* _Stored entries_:
-- Opening Marker --
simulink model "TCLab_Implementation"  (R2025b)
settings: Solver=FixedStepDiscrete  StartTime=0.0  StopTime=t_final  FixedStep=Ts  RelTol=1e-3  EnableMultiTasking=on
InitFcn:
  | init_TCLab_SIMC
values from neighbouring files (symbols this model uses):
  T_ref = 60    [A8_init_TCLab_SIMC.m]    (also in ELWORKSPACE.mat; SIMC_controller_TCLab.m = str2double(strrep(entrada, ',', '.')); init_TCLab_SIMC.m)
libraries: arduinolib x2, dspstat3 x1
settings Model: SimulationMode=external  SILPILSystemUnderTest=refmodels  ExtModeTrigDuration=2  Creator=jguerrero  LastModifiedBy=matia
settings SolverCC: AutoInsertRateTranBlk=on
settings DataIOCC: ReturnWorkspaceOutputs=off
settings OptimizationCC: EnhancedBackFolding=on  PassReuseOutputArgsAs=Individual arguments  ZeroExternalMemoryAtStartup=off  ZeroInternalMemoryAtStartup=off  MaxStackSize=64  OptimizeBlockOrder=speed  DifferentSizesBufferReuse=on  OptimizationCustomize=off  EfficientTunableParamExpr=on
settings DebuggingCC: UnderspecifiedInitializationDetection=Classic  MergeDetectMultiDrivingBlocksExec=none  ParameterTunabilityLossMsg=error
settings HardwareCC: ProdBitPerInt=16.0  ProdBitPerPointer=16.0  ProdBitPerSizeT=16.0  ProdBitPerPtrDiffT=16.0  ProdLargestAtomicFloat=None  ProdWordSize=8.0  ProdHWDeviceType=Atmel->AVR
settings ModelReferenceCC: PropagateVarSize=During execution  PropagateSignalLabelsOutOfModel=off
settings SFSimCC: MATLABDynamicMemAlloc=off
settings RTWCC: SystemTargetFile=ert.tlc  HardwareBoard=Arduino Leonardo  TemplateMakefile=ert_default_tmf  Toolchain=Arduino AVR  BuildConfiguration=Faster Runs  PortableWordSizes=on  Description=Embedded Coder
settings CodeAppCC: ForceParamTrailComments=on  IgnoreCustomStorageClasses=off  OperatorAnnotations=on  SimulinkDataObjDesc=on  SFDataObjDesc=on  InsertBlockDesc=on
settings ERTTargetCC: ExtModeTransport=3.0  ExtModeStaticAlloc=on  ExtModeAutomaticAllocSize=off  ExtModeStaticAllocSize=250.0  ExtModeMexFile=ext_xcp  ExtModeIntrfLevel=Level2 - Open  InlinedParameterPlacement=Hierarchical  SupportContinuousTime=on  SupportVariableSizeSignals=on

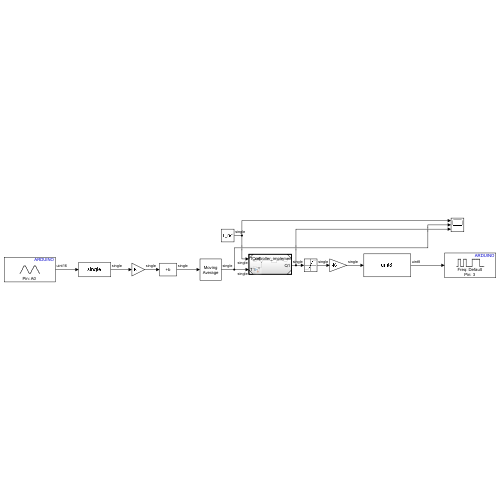
[thumbnail: Simulink's stored preview of the top-level diagram]
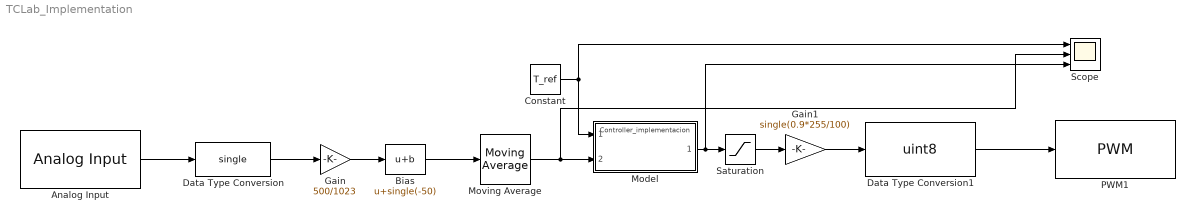
== system TCLab_Implementation ==
  Analog Input : arduinolib/Analog Input  pinNumber=0  ReadResultsOnly=off  ConversionTriggerSource=Software  ExternalTriggerType=uint32( 0 )  OutputDataType=uint16  EnableConversionCompleteNotify=off  EnableOuputStatus=off  SampleTime=-1  blockPlatform=arduino
      settings: LibrarySourceBlock=gizmoLibrary/Arduino Utilities/Analog Input
  Bias : Bias  Bias=single(-50)  SaturateOnIntegerOverflow=off
  Constant : Constant  Value=T_ref  OutDataTypeStr=single
  Data Type Conversion : DataTypeConversion  OutDataTypeStr=single  SaturateOnIntegerOverflow=off  RndMeth=Floor
  Data Type Conversion1 : DataTypeConversion  OutDataTypeStr=uint8  SaturateOnIntegerOverflow=off  RndMeth=Floor
  Gain : Gain  Gain=500/1023
  Gain1 : Gain  Gain=single(0.9*255/100)
  Model : ModelReference  ModelNameDialog=Controller_implementacion  SimulationMode=Normal  ModelReferenceVersion=1.30
  Moving Average : dspstat3/Moving Average  Method=Exponential weighting  ForgettingFactorPort=off  SpecifyWindowLength=on  WindowLength=4  OverlapLength=3  AllowArbitraryInputLength=off  ForgettingFactor=0.5  SimulateUsing=Code generation
  PWM1 : arduinolib/PWM  pinNumber=3  frequencyType=Default  desiredFrequency=50  achievableFrequency=50
      settings: LibrarySourceBlock=gizmoLibrary/Arduino Utilities/PWM
  Saturation : Saturate  UpperLimit=90  LowerLimit=0
  Scope : Scope  NumInputPorts=3
      settings: SampleTime=1  TimeSpan=600  ActiveDisplayYMinimum=2.1083656983653754  ActiveDisplayYMaximum=111.63997107432887
  wires:
  Analog Input/1 -> Data Type Conversion/1
  Data Type Conversion/1 -> Gain/1
  Gain/1 -> Bias/1
  Bias/1 -> Moving Average/1
  Moving Average/1 -> Scope/2, Model/2
  Constant/1 -> Model/1, Scope/1
  Model/1 -> Scope/3, Saturation/1
  Saturation/1 -> Gain1/1
  Gain1/1 -> Data Type Conversion1/1
  Data Type Conversion1/1 -> PWM1/1
-- Closing Marker --
* _Exercise instructions_:
Find the string "Utilities" in the data. Report each line it appears in.

* _Task result_:
      settings: LibrarySourceBlock=gizmoLibrary/Arduino Utilities/Analog Input
      settings: LibrarySourceBlock=gizmoLibrary/Arduino Utilities/PWM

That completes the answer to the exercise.